WORK REQUIRED: Look through the records, and whenever a line includes the word "schematic", copy it.

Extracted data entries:

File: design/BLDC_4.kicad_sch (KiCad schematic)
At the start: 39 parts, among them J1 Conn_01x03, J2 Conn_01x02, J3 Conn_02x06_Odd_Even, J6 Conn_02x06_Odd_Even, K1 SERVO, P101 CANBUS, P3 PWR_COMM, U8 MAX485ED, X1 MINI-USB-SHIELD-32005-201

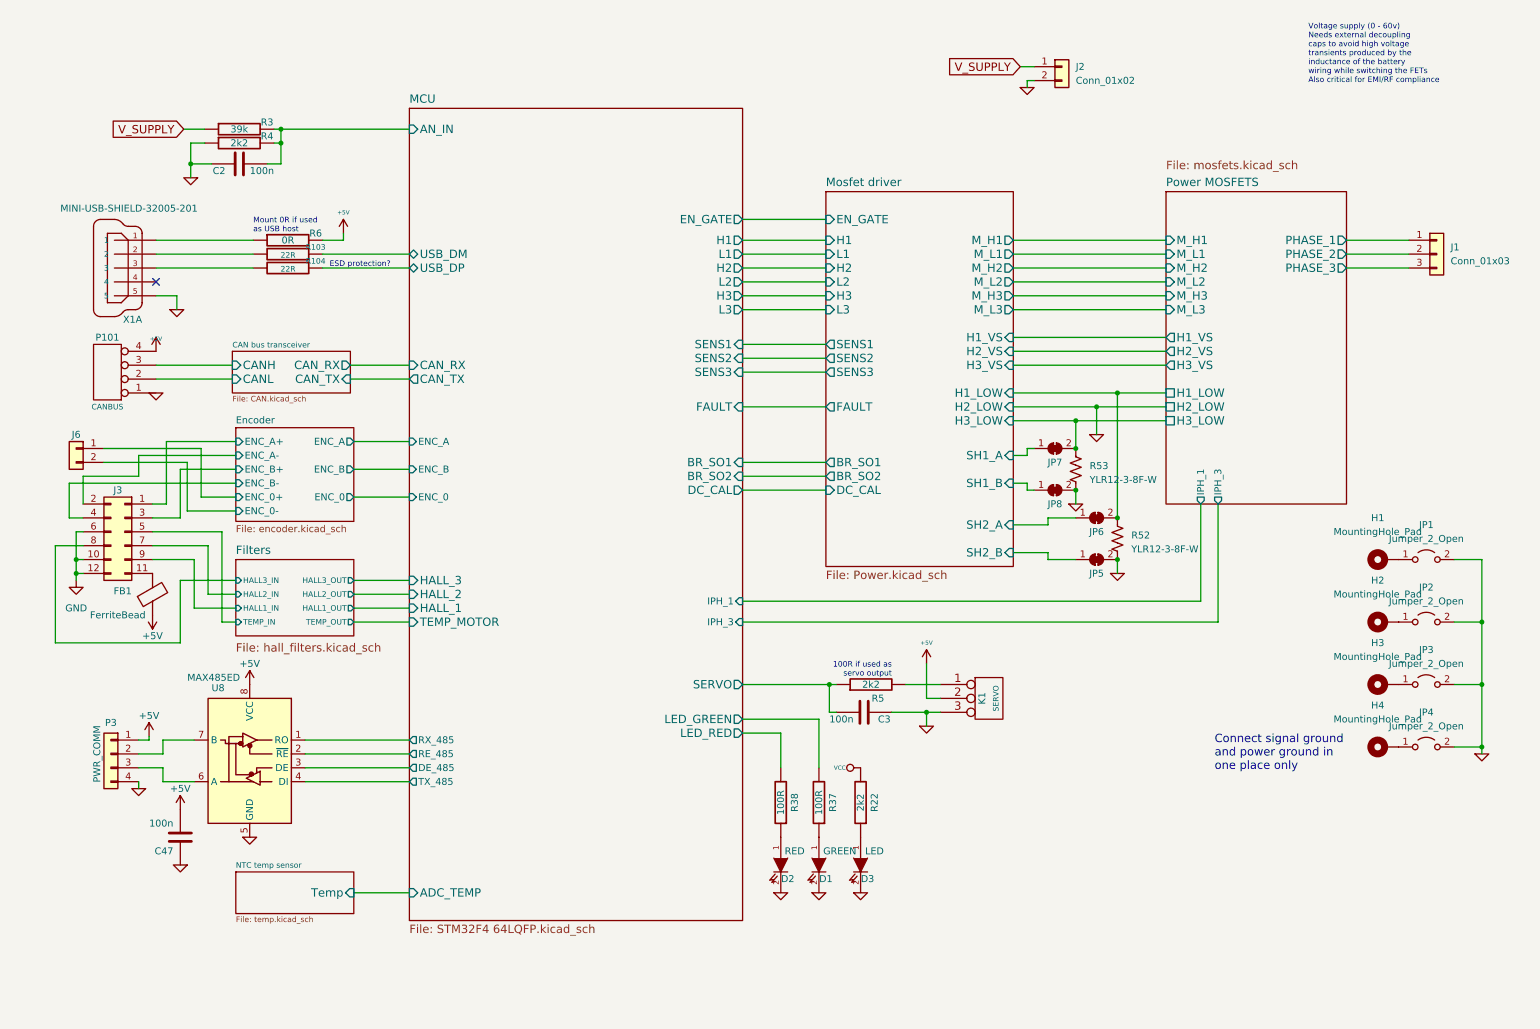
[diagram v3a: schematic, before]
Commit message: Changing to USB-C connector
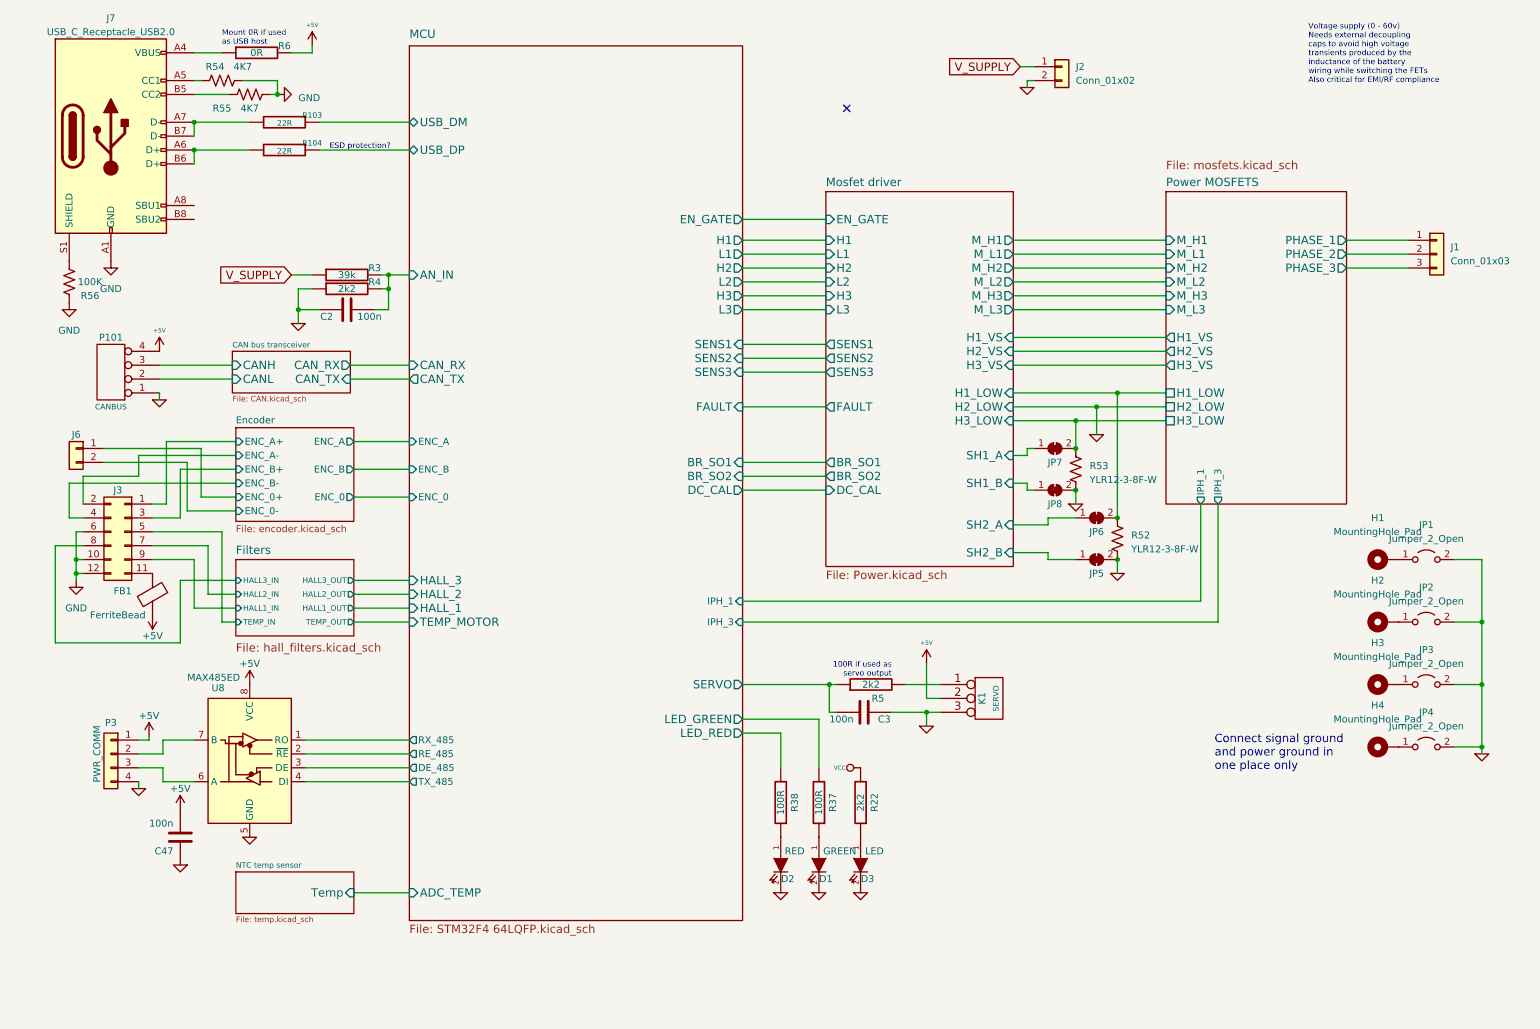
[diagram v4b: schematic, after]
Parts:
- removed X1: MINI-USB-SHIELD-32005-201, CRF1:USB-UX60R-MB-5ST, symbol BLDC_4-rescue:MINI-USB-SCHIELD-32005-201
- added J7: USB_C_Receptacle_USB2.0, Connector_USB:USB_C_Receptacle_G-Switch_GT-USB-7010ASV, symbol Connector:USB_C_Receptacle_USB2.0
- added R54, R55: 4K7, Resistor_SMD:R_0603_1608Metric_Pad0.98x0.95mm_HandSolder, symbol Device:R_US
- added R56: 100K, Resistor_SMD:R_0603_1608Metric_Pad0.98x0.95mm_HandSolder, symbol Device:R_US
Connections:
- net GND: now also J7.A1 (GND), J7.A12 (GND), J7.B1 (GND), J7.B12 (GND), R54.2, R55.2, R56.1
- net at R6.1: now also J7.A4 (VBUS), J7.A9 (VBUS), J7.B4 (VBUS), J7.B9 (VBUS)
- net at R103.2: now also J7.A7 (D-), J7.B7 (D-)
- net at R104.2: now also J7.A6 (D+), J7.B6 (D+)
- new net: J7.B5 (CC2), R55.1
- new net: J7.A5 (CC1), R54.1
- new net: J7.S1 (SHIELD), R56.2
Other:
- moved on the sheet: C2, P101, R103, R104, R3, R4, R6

ANSWER FOR THIS EXERCISE:
File: design/BLDC_4.kicad_sch (KiCad schematic)
[diagram v3a: schematic, before]
[diagram v4b: schematic, after]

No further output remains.